Attacking Processor Integrity on x86 through Undervolting

In 2017, I watched Adrian Tang's presentation on his CLKSCREW attack (which allowed him to breach TrustZone isolation on ARM from the normal world) and talked a bit with him afterwards.
It struck me as pretty interesting, since he essentially managed to achieve malicious run-time behavior, similar to what you would get from a memory-corruption bug but originating at the hardware level.
In that sense it was similar to rowhammer, which I had previously been working on, but differed as the attack targeted the CPU instead of the RAM module.
One of the things I asked him was if he ever tried something similar on x86, which he said would be interesting but probably very hard to do.

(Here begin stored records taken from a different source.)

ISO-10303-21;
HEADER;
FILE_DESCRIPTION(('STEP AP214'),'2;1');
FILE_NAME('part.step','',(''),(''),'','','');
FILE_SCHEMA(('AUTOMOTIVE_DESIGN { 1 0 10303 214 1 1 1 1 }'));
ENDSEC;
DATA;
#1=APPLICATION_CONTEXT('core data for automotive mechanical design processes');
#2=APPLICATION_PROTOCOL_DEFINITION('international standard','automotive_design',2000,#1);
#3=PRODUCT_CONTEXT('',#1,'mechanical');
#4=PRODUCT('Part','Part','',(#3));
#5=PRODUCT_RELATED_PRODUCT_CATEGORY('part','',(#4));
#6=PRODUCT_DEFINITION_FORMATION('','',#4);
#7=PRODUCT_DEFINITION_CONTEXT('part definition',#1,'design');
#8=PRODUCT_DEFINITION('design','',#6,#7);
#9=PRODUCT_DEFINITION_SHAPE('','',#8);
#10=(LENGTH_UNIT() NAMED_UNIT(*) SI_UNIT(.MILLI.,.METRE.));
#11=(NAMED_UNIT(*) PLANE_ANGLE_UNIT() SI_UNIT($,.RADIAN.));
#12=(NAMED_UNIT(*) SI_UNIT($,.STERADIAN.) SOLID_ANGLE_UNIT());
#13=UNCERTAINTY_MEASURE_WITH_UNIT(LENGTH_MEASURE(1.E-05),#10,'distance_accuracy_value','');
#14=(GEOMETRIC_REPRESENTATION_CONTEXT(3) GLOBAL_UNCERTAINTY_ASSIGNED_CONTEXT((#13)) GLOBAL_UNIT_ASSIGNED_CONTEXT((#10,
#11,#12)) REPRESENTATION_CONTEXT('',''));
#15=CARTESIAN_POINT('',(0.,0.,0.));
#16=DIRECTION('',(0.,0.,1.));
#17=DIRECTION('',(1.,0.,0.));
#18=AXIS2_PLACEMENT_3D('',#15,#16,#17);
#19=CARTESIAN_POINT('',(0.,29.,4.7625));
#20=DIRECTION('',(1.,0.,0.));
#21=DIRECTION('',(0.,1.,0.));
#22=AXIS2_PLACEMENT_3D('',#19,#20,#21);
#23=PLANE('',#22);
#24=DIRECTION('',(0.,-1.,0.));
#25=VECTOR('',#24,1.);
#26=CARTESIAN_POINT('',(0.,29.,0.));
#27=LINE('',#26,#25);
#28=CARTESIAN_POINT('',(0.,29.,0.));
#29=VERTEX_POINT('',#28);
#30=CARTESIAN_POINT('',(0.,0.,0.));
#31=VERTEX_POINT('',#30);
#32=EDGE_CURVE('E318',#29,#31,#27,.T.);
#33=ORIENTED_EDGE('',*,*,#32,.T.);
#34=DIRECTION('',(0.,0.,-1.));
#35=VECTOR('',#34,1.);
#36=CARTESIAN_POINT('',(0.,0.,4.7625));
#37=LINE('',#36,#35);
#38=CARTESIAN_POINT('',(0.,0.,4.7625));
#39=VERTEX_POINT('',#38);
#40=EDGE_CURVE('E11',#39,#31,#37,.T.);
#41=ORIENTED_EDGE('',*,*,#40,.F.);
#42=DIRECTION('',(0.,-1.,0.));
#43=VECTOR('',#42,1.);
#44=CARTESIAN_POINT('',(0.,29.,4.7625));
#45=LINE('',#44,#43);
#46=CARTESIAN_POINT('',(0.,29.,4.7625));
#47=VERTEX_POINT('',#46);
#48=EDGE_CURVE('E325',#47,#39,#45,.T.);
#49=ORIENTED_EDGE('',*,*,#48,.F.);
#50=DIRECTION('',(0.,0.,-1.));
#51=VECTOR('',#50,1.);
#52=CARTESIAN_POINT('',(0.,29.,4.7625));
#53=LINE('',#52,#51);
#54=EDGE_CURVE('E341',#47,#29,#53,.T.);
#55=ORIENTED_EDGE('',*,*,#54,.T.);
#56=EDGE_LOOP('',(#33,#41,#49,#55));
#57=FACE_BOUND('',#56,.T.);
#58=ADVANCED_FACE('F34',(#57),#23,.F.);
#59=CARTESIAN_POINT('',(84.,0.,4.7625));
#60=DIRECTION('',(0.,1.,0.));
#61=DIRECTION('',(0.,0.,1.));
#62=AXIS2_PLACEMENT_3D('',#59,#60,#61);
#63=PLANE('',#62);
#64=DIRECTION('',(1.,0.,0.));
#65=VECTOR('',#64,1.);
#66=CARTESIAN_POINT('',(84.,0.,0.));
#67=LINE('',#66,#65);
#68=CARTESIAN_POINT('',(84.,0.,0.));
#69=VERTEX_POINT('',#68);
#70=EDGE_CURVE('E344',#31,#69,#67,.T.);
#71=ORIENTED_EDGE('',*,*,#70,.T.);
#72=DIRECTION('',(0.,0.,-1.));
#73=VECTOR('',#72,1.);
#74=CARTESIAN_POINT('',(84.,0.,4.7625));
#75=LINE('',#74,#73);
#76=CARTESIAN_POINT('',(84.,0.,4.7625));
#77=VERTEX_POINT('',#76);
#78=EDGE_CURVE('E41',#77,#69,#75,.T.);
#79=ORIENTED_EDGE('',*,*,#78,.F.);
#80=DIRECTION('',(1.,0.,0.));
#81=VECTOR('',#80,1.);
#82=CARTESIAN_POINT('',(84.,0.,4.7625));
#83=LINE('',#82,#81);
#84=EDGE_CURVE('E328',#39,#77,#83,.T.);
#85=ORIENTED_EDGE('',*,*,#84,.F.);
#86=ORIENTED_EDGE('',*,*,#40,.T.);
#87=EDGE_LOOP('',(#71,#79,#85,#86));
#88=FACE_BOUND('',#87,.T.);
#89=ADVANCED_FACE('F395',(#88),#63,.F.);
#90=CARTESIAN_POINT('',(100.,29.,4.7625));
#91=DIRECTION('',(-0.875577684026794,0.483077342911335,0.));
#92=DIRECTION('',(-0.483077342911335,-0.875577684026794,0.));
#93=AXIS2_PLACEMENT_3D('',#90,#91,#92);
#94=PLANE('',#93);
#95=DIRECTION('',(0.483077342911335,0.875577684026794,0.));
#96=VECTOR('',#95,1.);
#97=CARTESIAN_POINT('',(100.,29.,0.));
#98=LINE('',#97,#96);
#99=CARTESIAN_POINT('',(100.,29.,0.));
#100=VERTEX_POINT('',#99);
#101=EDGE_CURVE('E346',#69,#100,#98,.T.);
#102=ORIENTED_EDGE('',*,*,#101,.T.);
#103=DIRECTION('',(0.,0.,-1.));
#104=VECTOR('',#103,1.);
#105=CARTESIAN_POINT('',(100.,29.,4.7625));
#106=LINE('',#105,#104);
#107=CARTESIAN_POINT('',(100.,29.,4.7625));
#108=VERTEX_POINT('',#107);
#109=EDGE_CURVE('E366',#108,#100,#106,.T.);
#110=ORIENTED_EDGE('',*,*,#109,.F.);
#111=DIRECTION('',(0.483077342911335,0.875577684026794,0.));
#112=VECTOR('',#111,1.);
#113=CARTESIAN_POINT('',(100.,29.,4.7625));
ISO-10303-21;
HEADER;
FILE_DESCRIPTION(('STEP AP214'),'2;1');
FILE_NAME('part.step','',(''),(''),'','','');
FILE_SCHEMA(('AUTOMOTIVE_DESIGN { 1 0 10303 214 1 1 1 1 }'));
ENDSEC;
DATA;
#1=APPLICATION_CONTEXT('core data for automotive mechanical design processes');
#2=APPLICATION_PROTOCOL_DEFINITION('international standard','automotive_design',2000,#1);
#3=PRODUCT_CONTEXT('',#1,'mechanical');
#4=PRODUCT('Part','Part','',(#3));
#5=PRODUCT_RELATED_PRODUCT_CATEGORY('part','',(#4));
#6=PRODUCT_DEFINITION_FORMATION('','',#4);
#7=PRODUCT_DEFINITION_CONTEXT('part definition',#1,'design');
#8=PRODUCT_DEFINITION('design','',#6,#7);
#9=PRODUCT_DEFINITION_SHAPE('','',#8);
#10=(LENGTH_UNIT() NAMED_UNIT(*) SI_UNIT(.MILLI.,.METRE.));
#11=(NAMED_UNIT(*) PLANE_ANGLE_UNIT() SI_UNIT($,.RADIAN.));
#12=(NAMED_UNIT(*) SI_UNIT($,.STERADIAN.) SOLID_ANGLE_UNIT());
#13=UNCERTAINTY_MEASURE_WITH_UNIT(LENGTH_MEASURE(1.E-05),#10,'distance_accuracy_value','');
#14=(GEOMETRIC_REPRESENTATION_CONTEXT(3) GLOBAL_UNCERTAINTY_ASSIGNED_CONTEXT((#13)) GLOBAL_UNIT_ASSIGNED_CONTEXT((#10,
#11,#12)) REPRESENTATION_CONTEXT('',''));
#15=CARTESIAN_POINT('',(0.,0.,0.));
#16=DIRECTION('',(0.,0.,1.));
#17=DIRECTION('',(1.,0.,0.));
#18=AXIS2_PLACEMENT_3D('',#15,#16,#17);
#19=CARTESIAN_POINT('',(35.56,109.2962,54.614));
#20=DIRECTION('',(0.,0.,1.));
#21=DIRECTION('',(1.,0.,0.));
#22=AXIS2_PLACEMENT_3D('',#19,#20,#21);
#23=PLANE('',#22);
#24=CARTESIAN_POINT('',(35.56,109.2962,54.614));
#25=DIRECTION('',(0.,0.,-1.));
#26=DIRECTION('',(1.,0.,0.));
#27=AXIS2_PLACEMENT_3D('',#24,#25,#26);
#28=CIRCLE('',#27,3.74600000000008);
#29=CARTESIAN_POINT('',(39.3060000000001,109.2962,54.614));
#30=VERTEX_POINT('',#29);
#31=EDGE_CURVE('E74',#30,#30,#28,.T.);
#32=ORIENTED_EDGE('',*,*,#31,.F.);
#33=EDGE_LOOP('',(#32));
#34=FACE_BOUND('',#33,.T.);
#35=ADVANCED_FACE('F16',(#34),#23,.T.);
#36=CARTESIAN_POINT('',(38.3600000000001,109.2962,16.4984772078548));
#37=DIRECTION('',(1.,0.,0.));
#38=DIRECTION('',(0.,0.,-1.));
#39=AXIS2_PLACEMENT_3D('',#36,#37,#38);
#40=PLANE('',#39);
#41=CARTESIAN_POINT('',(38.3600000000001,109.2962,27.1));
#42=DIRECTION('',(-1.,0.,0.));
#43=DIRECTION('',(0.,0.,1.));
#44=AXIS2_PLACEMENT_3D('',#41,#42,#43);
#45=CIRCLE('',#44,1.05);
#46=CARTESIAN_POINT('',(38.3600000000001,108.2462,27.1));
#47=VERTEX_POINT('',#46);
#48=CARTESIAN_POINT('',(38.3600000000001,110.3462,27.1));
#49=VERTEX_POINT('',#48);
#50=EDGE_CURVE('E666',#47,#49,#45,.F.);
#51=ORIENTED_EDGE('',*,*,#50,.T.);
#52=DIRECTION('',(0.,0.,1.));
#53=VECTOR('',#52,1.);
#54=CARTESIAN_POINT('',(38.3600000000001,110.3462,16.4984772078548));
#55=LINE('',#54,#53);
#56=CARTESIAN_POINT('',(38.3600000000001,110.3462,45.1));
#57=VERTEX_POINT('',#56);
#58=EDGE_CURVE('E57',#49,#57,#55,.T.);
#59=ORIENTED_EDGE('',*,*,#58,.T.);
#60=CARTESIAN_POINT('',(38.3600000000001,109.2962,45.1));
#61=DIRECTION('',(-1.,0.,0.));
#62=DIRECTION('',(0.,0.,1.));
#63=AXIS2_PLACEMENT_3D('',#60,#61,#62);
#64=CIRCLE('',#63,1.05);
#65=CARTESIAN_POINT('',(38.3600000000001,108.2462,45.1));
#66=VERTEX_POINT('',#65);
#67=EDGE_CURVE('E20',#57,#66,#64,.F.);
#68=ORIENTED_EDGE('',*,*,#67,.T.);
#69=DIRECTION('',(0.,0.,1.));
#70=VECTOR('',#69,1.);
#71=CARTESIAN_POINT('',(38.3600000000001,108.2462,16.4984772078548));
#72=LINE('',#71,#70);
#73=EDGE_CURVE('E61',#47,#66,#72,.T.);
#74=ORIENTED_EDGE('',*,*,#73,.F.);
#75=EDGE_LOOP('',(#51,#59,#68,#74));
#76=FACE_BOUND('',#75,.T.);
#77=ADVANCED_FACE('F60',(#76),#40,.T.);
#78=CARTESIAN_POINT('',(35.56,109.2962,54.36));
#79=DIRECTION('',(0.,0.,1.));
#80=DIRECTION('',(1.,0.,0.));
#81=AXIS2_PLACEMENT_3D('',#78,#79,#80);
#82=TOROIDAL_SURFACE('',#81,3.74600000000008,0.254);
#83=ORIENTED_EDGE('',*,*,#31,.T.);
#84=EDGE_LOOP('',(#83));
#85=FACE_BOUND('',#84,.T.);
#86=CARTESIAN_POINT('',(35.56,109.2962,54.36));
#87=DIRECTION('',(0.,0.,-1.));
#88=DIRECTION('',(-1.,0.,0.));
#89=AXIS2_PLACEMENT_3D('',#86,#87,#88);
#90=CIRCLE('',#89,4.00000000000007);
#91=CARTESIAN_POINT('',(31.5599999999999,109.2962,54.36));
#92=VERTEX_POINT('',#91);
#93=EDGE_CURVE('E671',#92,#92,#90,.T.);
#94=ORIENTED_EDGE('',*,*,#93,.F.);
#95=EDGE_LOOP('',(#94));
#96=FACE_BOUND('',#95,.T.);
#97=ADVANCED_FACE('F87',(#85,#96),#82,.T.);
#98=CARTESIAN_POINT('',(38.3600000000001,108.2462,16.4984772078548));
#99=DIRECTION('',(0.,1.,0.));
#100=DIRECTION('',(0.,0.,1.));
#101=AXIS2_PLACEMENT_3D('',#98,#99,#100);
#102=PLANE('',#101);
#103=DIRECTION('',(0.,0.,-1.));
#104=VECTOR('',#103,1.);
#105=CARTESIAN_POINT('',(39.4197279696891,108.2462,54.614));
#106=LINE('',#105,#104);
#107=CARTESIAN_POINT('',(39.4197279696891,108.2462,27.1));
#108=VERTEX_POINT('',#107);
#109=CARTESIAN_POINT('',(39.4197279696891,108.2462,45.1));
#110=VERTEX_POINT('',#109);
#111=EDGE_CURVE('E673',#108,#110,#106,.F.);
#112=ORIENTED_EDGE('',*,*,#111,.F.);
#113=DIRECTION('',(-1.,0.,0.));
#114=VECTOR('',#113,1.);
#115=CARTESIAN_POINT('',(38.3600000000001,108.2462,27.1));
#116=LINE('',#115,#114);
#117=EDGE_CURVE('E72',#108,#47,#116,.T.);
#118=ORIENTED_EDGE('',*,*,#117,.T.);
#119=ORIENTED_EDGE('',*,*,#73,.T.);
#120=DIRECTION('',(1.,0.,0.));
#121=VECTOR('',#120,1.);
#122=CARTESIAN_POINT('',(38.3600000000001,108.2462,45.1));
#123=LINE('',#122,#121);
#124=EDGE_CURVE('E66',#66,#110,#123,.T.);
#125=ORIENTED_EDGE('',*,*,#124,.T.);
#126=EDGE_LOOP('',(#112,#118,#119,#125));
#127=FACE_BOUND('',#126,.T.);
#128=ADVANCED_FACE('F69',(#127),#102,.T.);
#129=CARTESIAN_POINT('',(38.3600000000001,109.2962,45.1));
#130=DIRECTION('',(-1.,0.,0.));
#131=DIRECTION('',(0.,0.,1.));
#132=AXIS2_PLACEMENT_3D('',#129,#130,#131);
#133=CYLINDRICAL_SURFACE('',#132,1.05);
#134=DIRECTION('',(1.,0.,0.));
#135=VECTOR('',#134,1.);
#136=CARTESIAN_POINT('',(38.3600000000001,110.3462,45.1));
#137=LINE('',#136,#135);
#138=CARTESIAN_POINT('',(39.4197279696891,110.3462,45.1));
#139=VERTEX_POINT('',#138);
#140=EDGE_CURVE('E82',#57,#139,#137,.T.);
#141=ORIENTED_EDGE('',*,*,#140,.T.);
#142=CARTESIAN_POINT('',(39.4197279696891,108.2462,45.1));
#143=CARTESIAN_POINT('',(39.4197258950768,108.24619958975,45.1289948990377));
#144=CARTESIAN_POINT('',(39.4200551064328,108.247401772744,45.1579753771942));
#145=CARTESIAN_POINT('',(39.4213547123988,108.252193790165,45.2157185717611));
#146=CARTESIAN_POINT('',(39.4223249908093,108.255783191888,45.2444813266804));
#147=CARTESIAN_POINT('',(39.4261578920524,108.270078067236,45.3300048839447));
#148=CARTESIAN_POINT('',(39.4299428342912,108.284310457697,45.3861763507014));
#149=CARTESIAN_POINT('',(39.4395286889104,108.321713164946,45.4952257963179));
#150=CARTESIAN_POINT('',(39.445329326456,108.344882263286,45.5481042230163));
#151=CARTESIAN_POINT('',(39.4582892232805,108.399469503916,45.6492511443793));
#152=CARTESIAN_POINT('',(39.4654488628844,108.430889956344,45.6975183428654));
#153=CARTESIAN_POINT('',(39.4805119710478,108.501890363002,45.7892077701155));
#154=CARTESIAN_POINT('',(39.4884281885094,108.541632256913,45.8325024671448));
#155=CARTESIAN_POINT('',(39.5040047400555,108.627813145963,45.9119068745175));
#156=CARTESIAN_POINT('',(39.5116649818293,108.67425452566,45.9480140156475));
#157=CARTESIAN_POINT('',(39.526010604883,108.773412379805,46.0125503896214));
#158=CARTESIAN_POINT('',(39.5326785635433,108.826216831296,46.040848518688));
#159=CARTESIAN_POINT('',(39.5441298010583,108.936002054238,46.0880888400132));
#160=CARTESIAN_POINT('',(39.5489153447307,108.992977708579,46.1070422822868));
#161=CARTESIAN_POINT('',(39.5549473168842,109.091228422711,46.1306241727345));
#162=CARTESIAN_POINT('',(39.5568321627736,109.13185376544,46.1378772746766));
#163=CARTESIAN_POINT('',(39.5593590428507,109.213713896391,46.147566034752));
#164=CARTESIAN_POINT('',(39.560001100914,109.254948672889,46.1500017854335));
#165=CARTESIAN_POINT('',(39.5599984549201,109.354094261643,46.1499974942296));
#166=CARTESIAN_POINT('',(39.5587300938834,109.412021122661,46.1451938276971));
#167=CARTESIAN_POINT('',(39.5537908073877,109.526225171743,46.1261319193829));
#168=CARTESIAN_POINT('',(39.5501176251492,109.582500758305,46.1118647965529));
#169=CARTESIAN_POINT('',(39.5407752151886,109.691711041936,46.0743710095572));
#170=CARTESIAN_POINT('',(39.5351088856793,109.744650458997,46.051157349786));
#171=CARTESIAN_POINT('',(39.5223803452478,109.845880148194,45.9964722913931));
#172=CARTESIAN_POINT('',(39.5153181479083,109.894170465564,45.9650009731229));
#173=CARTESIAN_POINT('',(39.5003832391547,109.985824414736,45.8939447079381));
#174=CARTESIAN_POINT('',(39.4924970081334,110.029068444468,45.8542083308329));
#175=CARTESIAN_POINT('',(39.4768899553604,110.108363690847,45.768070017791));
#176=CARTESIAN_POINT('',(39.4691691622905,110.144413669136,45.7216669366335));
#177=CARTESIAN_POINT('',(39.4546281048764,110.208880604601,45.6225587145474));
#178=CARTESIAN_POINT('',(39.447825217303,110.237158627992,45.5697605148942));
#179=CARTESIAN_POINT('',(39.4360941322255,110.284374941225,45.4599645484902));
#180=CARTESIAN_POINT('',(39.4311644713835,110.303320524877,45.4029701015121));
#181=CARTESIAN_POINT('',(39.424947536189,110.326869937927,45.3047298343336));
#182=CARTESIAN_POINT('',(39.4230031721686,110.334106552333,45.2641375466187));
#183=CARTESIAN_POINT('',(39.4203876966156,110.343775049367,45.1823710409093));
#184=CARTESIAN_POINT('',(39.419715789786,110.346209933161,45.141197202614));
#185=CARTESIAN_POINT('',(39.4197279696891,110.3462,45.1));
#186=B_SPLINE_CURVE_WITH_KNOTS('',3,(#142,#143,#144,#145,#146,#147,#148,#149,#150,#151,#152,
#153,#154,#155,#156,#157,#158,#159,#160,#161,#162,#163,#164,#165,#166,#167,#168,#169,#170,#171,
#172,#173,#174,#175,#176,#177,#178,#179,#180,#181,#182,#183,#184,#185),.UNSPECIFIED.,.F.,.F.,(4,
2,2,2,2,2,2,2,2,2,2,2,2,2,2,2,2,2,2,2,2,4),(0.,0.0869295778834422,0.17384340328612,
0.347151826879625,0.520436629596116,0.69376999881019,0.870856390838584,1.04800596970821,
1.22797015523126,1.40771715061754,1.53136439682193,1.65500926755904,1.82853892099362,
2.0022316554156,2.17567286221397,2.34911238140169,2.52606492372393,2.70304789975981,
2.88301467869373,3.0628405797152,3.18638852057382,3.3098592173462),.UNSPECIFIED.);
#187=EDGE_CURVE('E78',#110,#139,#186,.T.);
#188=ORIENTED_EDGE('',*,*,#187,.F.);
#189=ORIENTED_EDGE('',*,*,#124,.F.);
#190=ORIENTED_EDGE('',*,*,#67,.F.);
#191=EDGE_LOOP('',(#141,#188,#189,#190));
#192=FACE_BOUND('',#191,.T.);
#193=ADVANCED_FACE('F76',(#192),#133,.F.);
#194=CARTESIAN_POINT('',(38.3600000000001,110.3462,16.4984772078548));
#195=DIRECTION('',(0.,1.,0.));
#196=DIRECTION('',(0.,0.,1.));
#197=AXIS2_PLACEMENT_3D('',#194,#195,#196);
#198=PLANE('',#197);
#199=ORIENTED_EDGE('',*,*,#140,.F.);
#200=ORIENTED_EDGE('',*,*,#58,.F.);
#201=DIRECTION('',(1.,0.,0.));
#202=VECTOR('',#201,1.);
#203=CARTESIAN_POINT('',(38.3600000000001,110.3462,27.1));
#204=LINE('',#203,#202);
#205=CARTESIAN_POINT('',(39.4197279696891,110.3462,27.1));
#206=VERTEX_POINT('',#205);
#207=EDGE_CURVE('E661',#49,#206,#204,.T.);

So when I saw people overclocking Intel CPUs at run time and purely from software in the following year, I started a project in September 2018 with a master student (Zijo Kenjar) to investigate the feasibility of under-volting those CPUs from software.
It turned out that the interface for adjusting core voltage at run time provided by Intel was undocumented, but inofficially some software made use of it under the name of OC Mailbox (essentially, just a nickname for MSR 0x150).
However, it wasn't until February 2019 that we had some initial results and the question was how to frame it as a publication, since the method required root privileges (i.e., assuming a rather strong adversary).
Luckily, we found that SGX was susceptible to the same behavior we saw in userland and kernel faults.
More precisely, we found:

What is the bug?
During scenarios of severely limited voltage supply, some instructions will continue to execute with flipped bits in their results and no crashes, allowing exploitation.
We found several instances, the most simple being:
vpxor %xmm1, %xmm2, %xmm3
vmovdqu %xmm3, (%rsp)

Under which conditions does it happen?
Depend on the machine and will be slightly different for each physical core.
In our experiments we achieved the most consistent behavior at core voltage around 700mV (p-state 0x1B, voltage offset -250mV) and 770mV (p-state 0x20, voltage offset -265mV) for the first machine used in our eval.
Core temperature appears to be a significant factor, with around ~45°C for p-state 0x1B, ~50°C for p-state 0x20, and ~55°C for p-state 0x24 yielding the best results we've seen so far.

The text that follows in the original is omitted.